Another thing about inflation is that you can also gain more renters (if you have vacancies) because some people may not be able to secure mortgages during that time. Since you will have a greater demand for renters, the rent will also increase. This is part of the agenda of supply and demand.
· Using “Other People’s Money”, or “OPM”, is a good reason for people to invest in real estate. You can find a bank that will secure a loan for you for your real estate investment(s). The better your credit is the better chance you have of securing a good fixed rate loan with low interest rates.
You can also look at zero-down loans, but that can be more risky. You would have to pay more in your mortgage payments because you didn’t include a down payment. So when the property appreciates, it will benefit you along with the monthly cash flow.

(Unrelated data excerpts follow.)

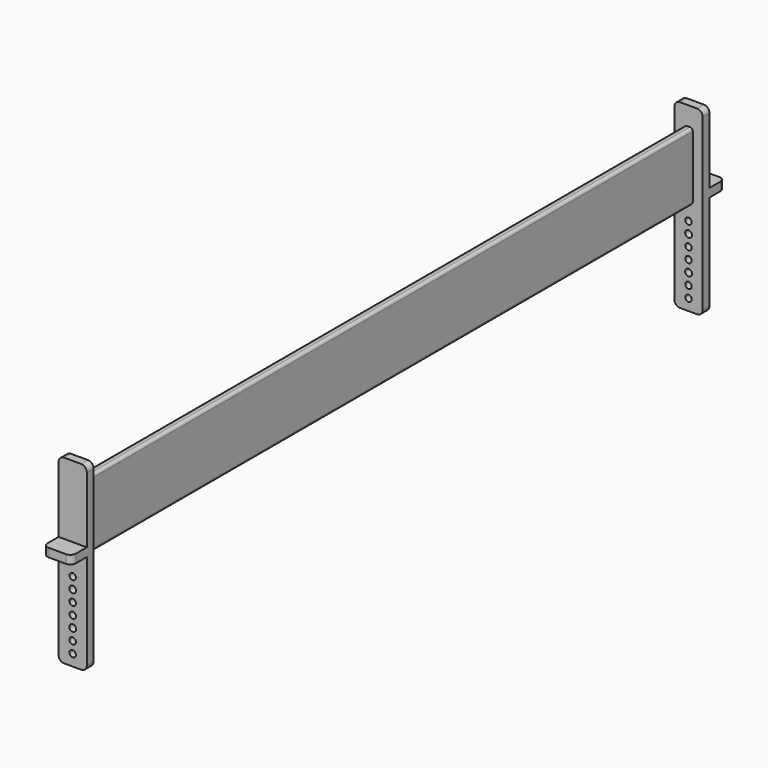
from build123d import *

# Parameters (mm, degrees)
F0_W     = 15.875
F0_H     = 101.6
F4_DEPTH = 4.7625
F2_W     = 15.875
F2_H     = 4.7625
F5_DEPTH = 10.795
F1_W     = 4.7625
F1_H     = 38.1
F6_DEPTH = 431.8
F7_START = 431.8
F7_DEPTH = 4.7625
F8_START = 436.5625
F8_DEPTH = 10.795
F3_R     = 1.905
F3_R_2   = 1.8018515142
F3_R_3   = 1.8092820601
F9_DEPTH = 447.3585
F11_R    = 1.5875
F12_R    = 3.175


with BuildPart() as f4:
    # F0 (on Front) → F4 (new body)
    with BuildSketch(Plane.XZ):
        Rectangle(F0_W, F0_H)
    extrude(amount=F4_DEPTH)

    # F2 (on Front) → F5 (join)
    with BuildSketch(Plane.XZ):
        with Locations((0, 8.28675)):
            Rectangle(F2_W, F2_H)
    extrude(amount=-F5_DEPTH)

    # F1 (on Front) → F6 (join)
    with BuildSketch(Plane.XZ):
        with Locations((0, 21.2725)):
            Rectangle(F1_W, F1_H)
    extrude(amount=F6_DEPTH)

    # F0 (on Front) → F7 (join)
    with BuildSketch(Plane.XZ.offset(F7_START)):
        Rectangle(F0_W, F0_H)
    extrude(amount=F7_DEPTH)

    # F2 (on Front) → F8 (join)
    with BuildSketch(Plane.XZ.offset(F8_START)):
        with Locations((0, 8.28675)):
            Rectangle(F2_W, F2_H)
    extrude(amount=F8_DEPTH)

    # F3 (on Front) → F9 (cut, through all)
    with BuildSketch(Plane.XZ):
        with Locations((0, -31.75)):
            Circle(F3_R)
        with Locations((0, -38.1)):
            Circle(F3_R_2)
        with Locations((0, -44.45)):
            Circle(F3_R_3)
        with Locations((0, -12.7)):
            Circle(F3_R)
        with Locations((0, -19.05)):
            Circle(F3_R_2)
        with Locations((0, -25.4)):
            Circle(F3_R_3)
        with Locations((0, -6.35)):
            Circle(F3_R_2)
    extrude(amount=F9_DEPTH, mode=Mode.SUBTRACT)

    # F11
    f11_edges = [f4.edges().sort_by_distance(p)[0] for p in [
        (-2.38125, -218.28125, 40.3225),
        (2.38125, -218.28125, 40.3225),
        (2.38125, -218.28125, 2.2225),
        (-2.38125, -218.28125, 2.2225),
    ]]
    fillet(f11_edges, radius=F11_R)

    # F12
    f12_edges = [f4.edges().sort_by_distance(p)[0] for p in [
        (7.9375, -434.18125, 50.8),
        (-7.9375, -434.18125, 50.8),
        (7.9375, -434.18125, -50.8),
        (-7.9375, -434.18125, -50.8),
        (-7.9375, -447.3575, 8.28675),
        (7.9375, -447.3575, 8.28675),
        (7.9375, -2.38125, 50.8),
        (-7.9375, -2.38125, 50.8),
        (7.9375, -2.38125, -50.8),
        (-7.9375, -2.38125, -50.8),
        (-7.9375, 10.795, 8.28675),
        (7.9375, 10.795, 8.28675),
    ]]
    fillet(f12_edges, radius=F12_R)


solid = f4.part

· Real estate investing is considered a business. You can use the expenses from it and deduct them from your taxes (see your local tax advisor.) Anything that you purchased had repaired, any fees and anything else related to the investment in question is tax deductible but you must check with your tax accountant and be absolutely sure you are following your tax accountant’s advice to the letter.
Even if you have properties that are out of the regional area where you have to travel, those expenses can also be deducted from your taxes. If nothing else, being able to deduct expenses from your taxes is like a marriage made in heaven.
· Have you heard of getting cash that is tax free? Say you have an increase in rentals and you end up having a positive cash flow. The surplus can be used for other things. If it’s the right time, you may think about wanting to refinance the rental properties.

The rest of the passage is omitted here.